With the 2008 Bill, the dominant ruling party had empowered itself — and “any organ of state, at any level of government” — to take ownership and possession of property “simply by giving notice to the expropriated owner.” “The state would make the ‘final’ determination of the compensation due, subject only to a limited form of court review.”
Both movable and immovable property has always been up for grabs — “livestock and farming implements, residential homes, business premises and equipment, patents, and shares.” The 2008 Bill was temporarily shelved before the 2009 elections, but not forgotten. It led naturally to talk about nationalization. (Cannibal, p. 74.)
In March 2010, a plan was tabled in Parliament for turning “all productive land into a national asset leased to farmers.” Such sentiments are hardly new. True to a promise made in Mandela’s magic 1955 communistic Freedom Charter, the ANC has already nationalized the “mineral wealth beneath the soil” and the water rights. (Has the mummified media ever wondered out loud why Cape Town has run dry?)
Thereafter, to supplement the Expropriation Bill, the Party had published a policy paper that warned, among other planned infractions, of the need to water-down the already weak property-rights provision in the Constitution.
All along had the entrenchment of a property clause in the South African Constitution angered judicial activists, who conflate the protection of private property with the entrenchment of white privilege. (Hence the subtitle of “Into the Cannibal’s Pot”: “Lessons for America . . .”) Their fears were overblown. Back then, I wagered that nationalization would necessitate but a minor tweak to the Constitution, since the latter already allows all the mischief mentioned.
The Hobbesian choice which the ANC had always planned to present to white farmers was between making them mere tenants of the state (by declaring all productive land a national asset under state control) and, on the other hand, “placing a ceiling on how much land individual farmers can own.”

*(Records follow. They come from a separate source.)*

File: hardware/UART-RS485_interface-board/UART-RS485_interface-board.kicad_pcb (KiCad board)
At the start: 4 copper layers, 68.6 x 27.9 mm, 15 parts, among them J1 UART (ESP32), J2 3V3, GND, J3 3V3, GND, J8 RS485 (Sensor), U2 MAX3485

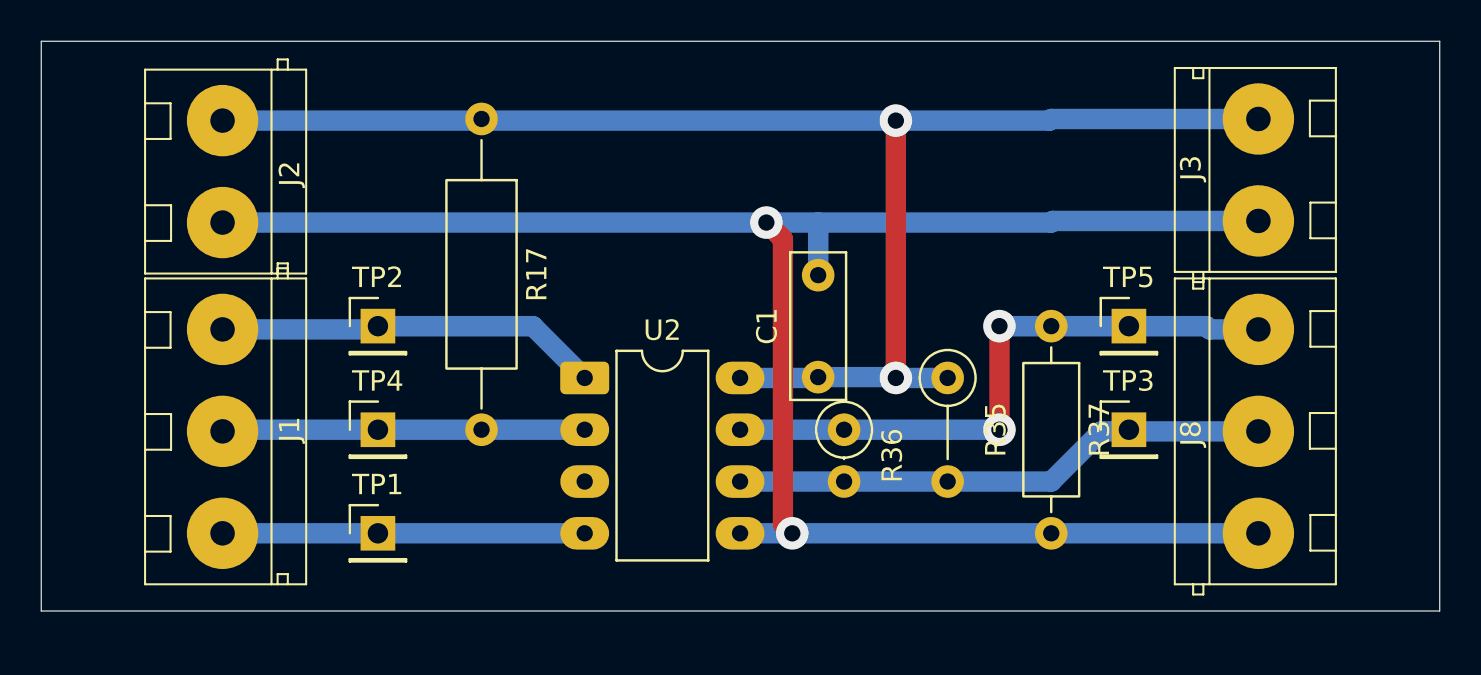
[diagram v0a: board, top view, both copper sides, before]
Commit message: UART-RS485 Stripboard: Adjust as actually soldered, fixes, add exports
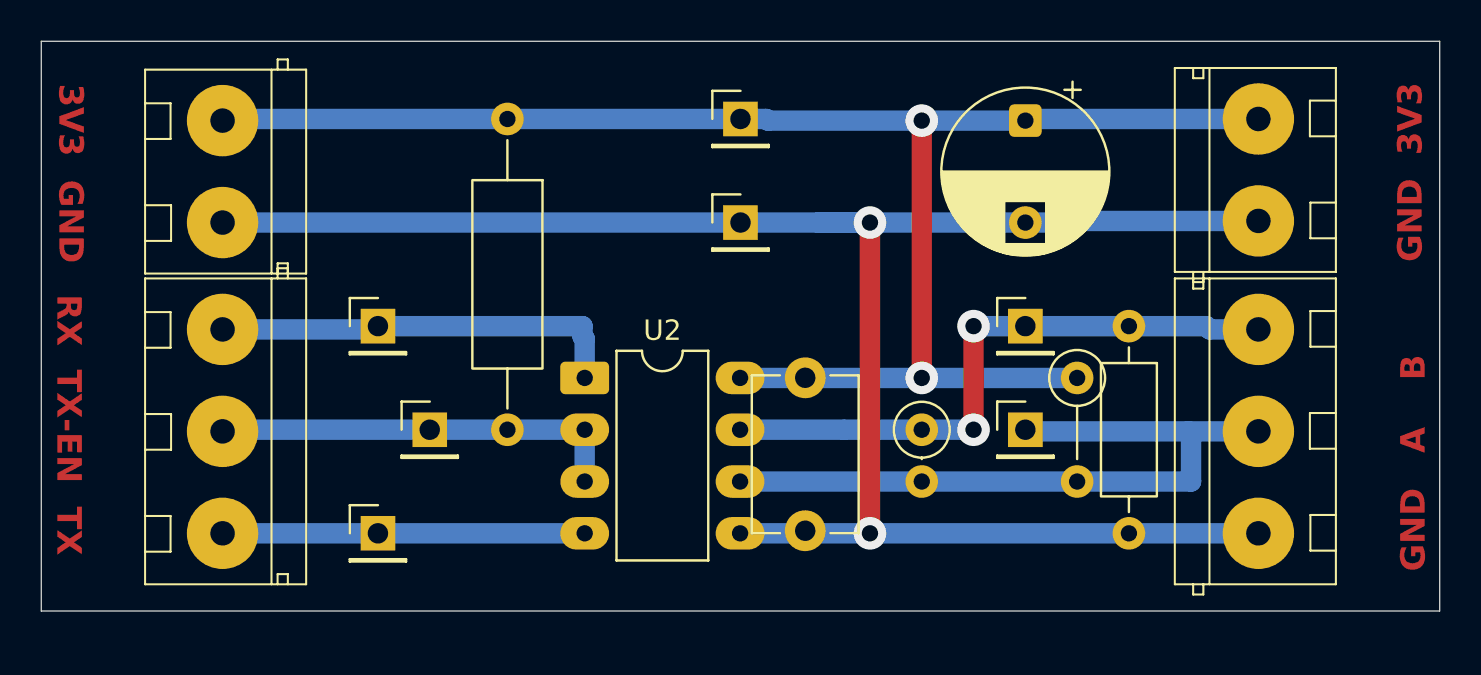
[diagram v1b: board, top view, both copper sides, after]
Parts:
- added C2: 10uf, Capacitor_THT:CP_Radial_D8.0mm_P5.00mm, F.Cu at (174.0, 45.8)
- added TP6: 3v3, Connector_PinHeader_2.54mm:PinHeader_1x01_P2.54mm_Vertical, F.Cu at (160.0, 45.7)
- added TP7: gnd, Connector_PinHeader_2.54mm:PinHeader_1x01_P2.54mm_Vertical, F.Cu at (160.0, 50.8)
- C1: footprint Capacitor_THT:C_Disc_D7.0mm_W2.5mm_P5.00mm -> Capacitor_THT:C_Disc_D7.5mm_W5.0mm_P7.50mm
- J1: value UART (ESP32) -> [TX, DIR, RX] UART (ESP32)
- J2, J3: value 3V3, GND -> GND, 3v3
- J8: value RS485 (Sensor) -> [GND, A, B] RS485 (Sensor)
- R35, R37: value 470 -> 3k3
- TP3: value TP A -> RS-A
- TP5: value TP B -> RS-B
- moved R35 6.35 mm to (176.5, 58.4)
- moved TP3 5.08 mm to (174.0, 61.0)
- moved TP5 5.08 mm to (174.0, 55.9)
- moved R36 3.81 mm to (168.9, 61.0)
- moved R37 3.81 mm to (179.1, 55.9)
- moved TP4 2.54 mm to (144.8, 61.0)
- moved R17 1.27 mm to (148.6, 45.7)
- moved C1 0.64 mm to (163.2, 58.4), turned to -90 degrees
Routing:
- net /RS485-A: track 26.3 -> 36.1 mm
- net +3V3: track 73.7 -> 80.1 mm
- net /RS485_DIR: track 17.8 -> 20.3 mm
- net GND: track 94.6 -> 96.6 mm
- net /RS485_RX: track 18.9 -> 20.3 mm
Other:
- board text added: "3V3 GND"
- board text added: "GND 3V3"
- board text added: "GND A B"
- board text added: "Mill / Isolate Strip"
- board text added: "Note: arranged as actually placed on the stripboard (overlaps)"
- board text added: "RX TX-EN TX"
- board text added: "Solder / Short Strips"
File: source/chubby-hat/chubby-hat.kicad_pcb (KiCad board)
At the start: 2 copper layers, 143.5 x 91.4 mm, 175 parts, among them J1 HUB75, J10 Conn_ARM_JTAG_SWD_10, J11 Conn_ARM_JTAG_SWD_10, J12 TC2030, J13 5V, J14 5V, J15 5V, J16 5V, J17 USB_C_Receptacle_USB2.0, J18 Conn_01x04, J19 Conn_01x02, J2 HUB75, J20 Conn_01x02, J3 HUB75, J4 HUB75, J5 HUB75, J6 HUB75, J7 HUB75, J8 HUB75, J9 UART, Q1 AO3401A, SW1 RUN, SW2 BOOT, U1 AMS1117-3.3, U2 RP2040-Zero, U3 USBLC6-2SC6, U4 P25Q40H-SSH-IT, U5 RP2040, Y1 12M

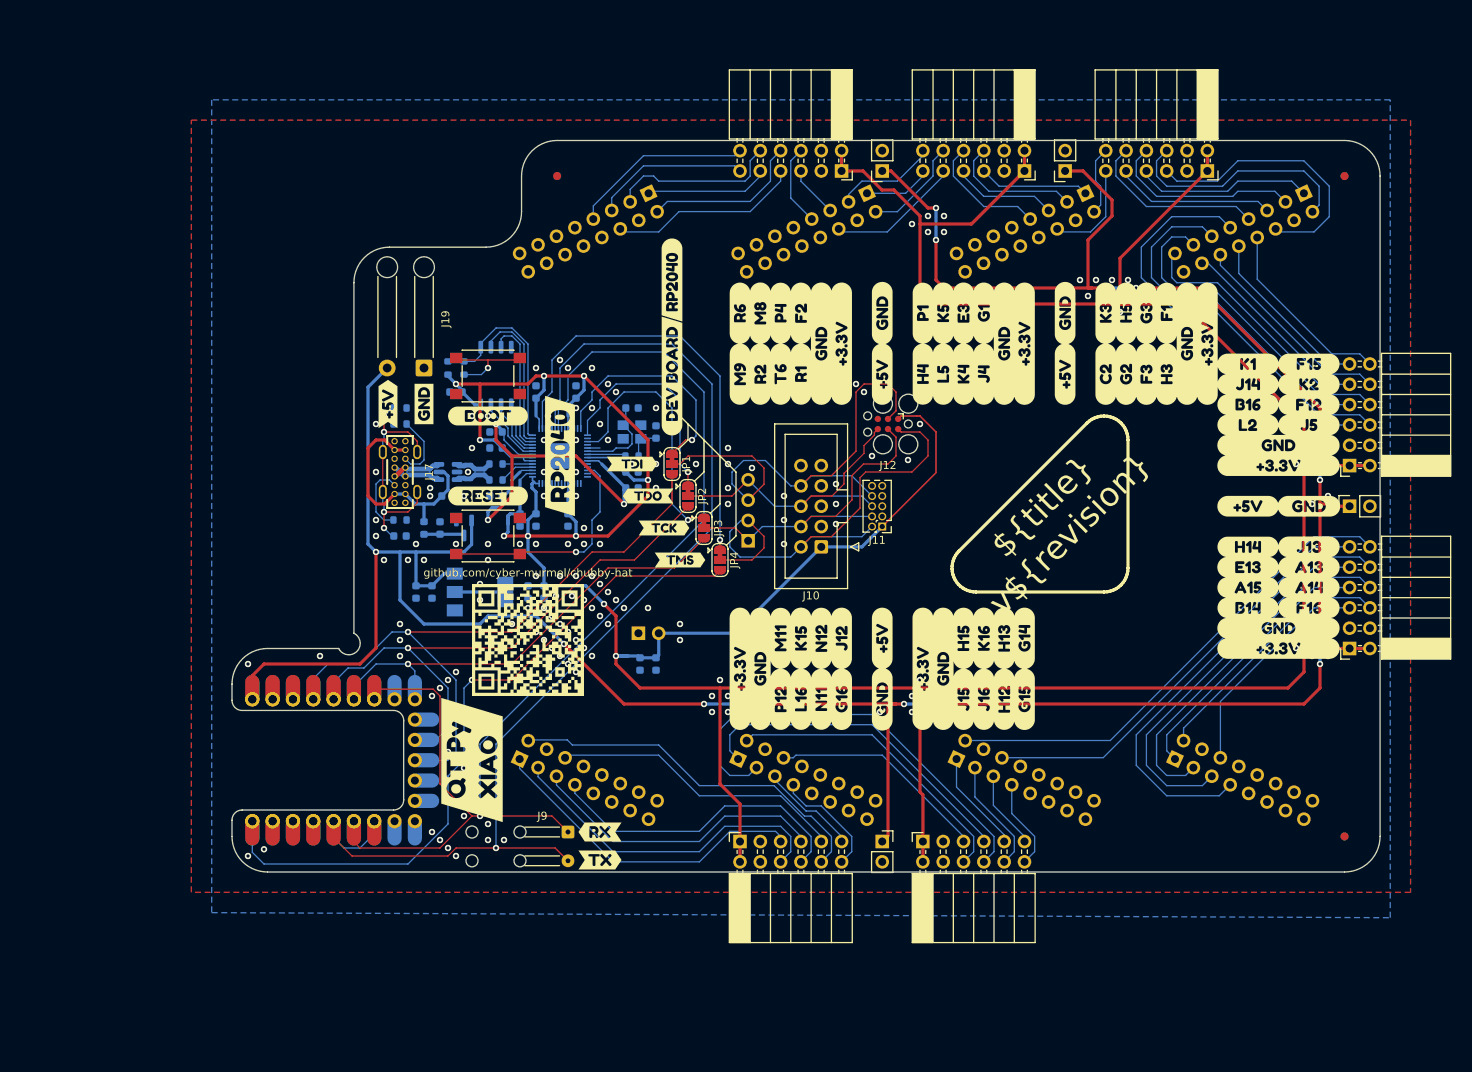
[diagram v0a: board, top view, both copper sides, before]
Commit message: added connectors for v8.0; improved power layout
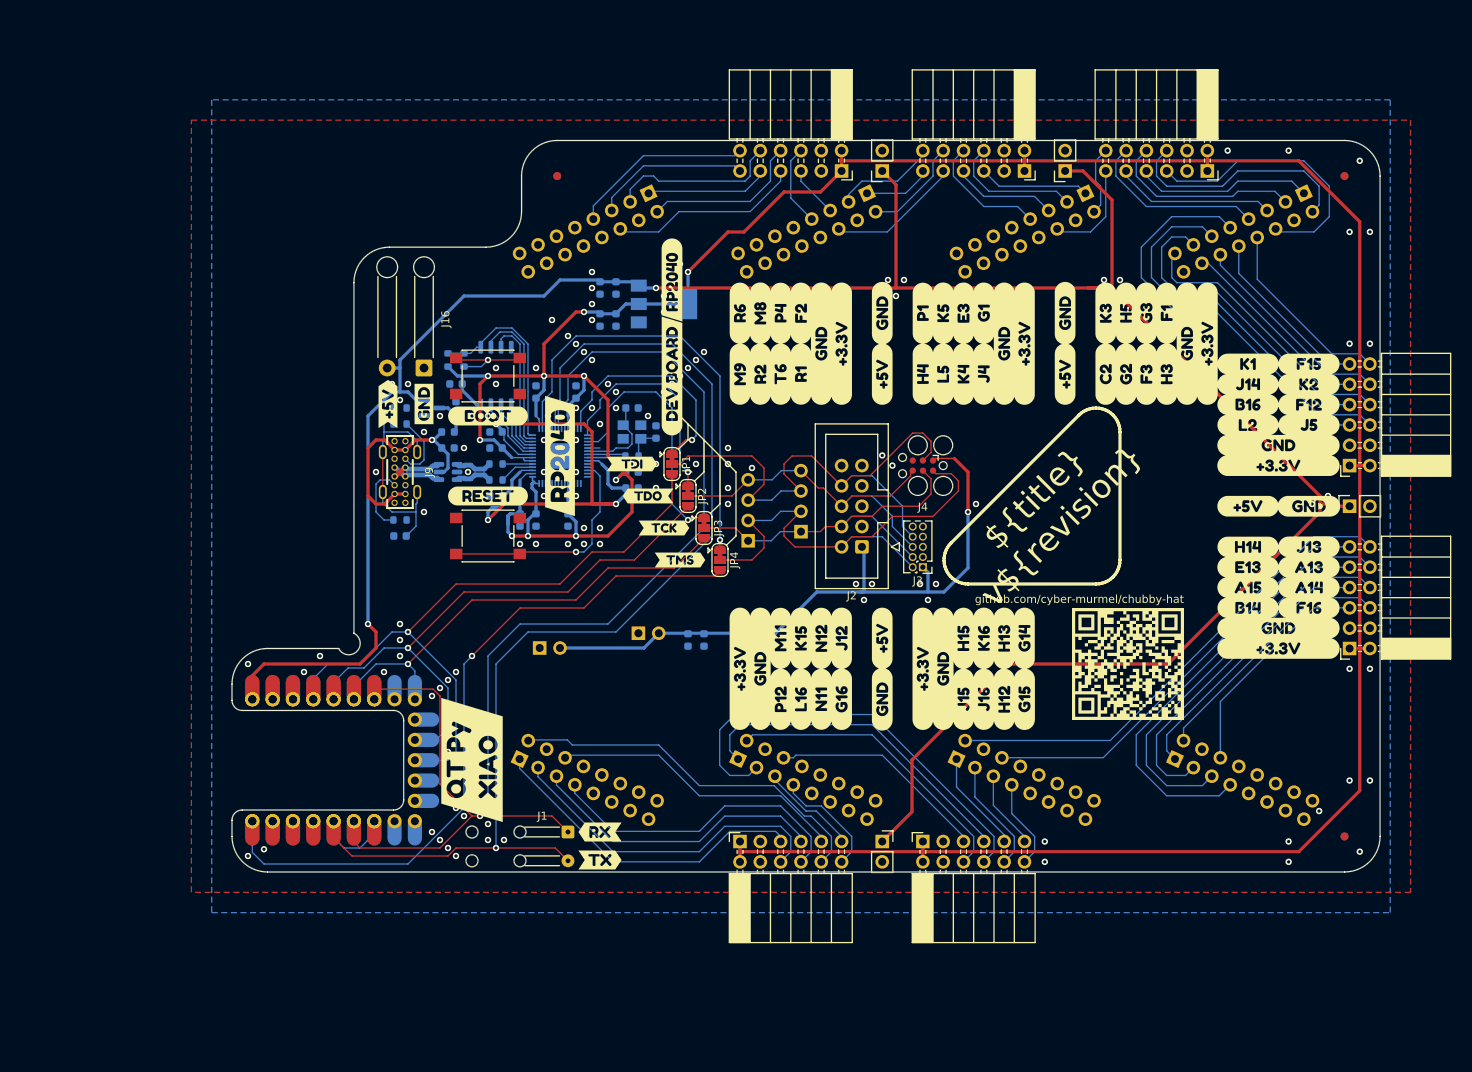
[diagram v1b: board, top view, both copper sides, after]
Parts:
- removed the NT1 at (176.0, 100.0)
- added J14: v8.0, Connector_PinHeader_2.54mm:PinHeader_1x04_P2.54mm_Vertical, B.Cu at (198.1, 84.5)
- added J20: V8.0, Connector_PinHeader_2.54mm:PinHeader_1x02_P2.54mm_Vertical, B.Cu at (165.5, 99.0)
- J13: renamed from J18; value Conn_01x04 -> v7.0
- J19: renamed from J20; value Conn_01x02 -> V7.0
- moved QR***** 75.1 mm to (239.0, 101.0)
- moved C1 44.4 mm to (175.0, 54.0)
- moved C2 44.4 mm to (173.0, 54.0)
- moved U1 42.7 mm to (181.0, 56.0)
- moved C4 35.7 mm to (175.0, 58.0)
- moved C3 34.7 mm to (173.0, 58.0)
- moved Q1 15.5 mm to (152.0, 69.0), turned to 0 degrees
- moved C6 15.1 mm to (155.0, 69.0)
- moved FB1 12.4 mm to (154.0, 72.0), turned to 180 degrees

Which, in practice, limits economies of scale, and with them successful commercial agriculture.
“One farmer, one farm” was how Zimbabwe’s Zanu-PF thugs described this policy. The South African government still asserts that it is merely putting in place a “mechanism for taking back failed farms from black farmers.”
Echoing its claims is another great mind, Breitbart’s Mr. Pollak. He has dignified the excuse that the “target of land reform, . . . would be ‘unused’ land,” black and white — assurances even his pals at the liberal “South African Institute of Race Relations had exposed as ‘a red herring to conceal the State’s more plausible intention to wrest control of agricultural production from white commercial farmers.” (Citation in Cannibal, p. 74.)
Since the dawn of “freedom,” in South Africa, and as a matter of daily practice, commercial farmers, mostly white, have been terrorized and threatened with land claims. As if this were not bad enough, they can now expect nationalization.
In case Zimbabwe is a distant memory, the nationalization of South Africa’s farms will increase unemployment in the agricultural sector, and with it, rural poverty. That will guarantee mass migration to the cities, with all the attendant problems which this exodus poses. Also, it will undermine South Africa’s ability to meet its food needs and deter investment in the country.
And these, so help us, are the positive aspects of land parity.
Most damningly, the country’s constitution has a clause devoted to “Limitation of Rights.” Apparently, the constitutional “scholars” who compiled the document saw no need to protect the rights of minorities “that [had] not been victims of past discrimination.” The possibility that the fortunes of hitherto un-oppressed minorities might change did not occur to the occupants of the Bench.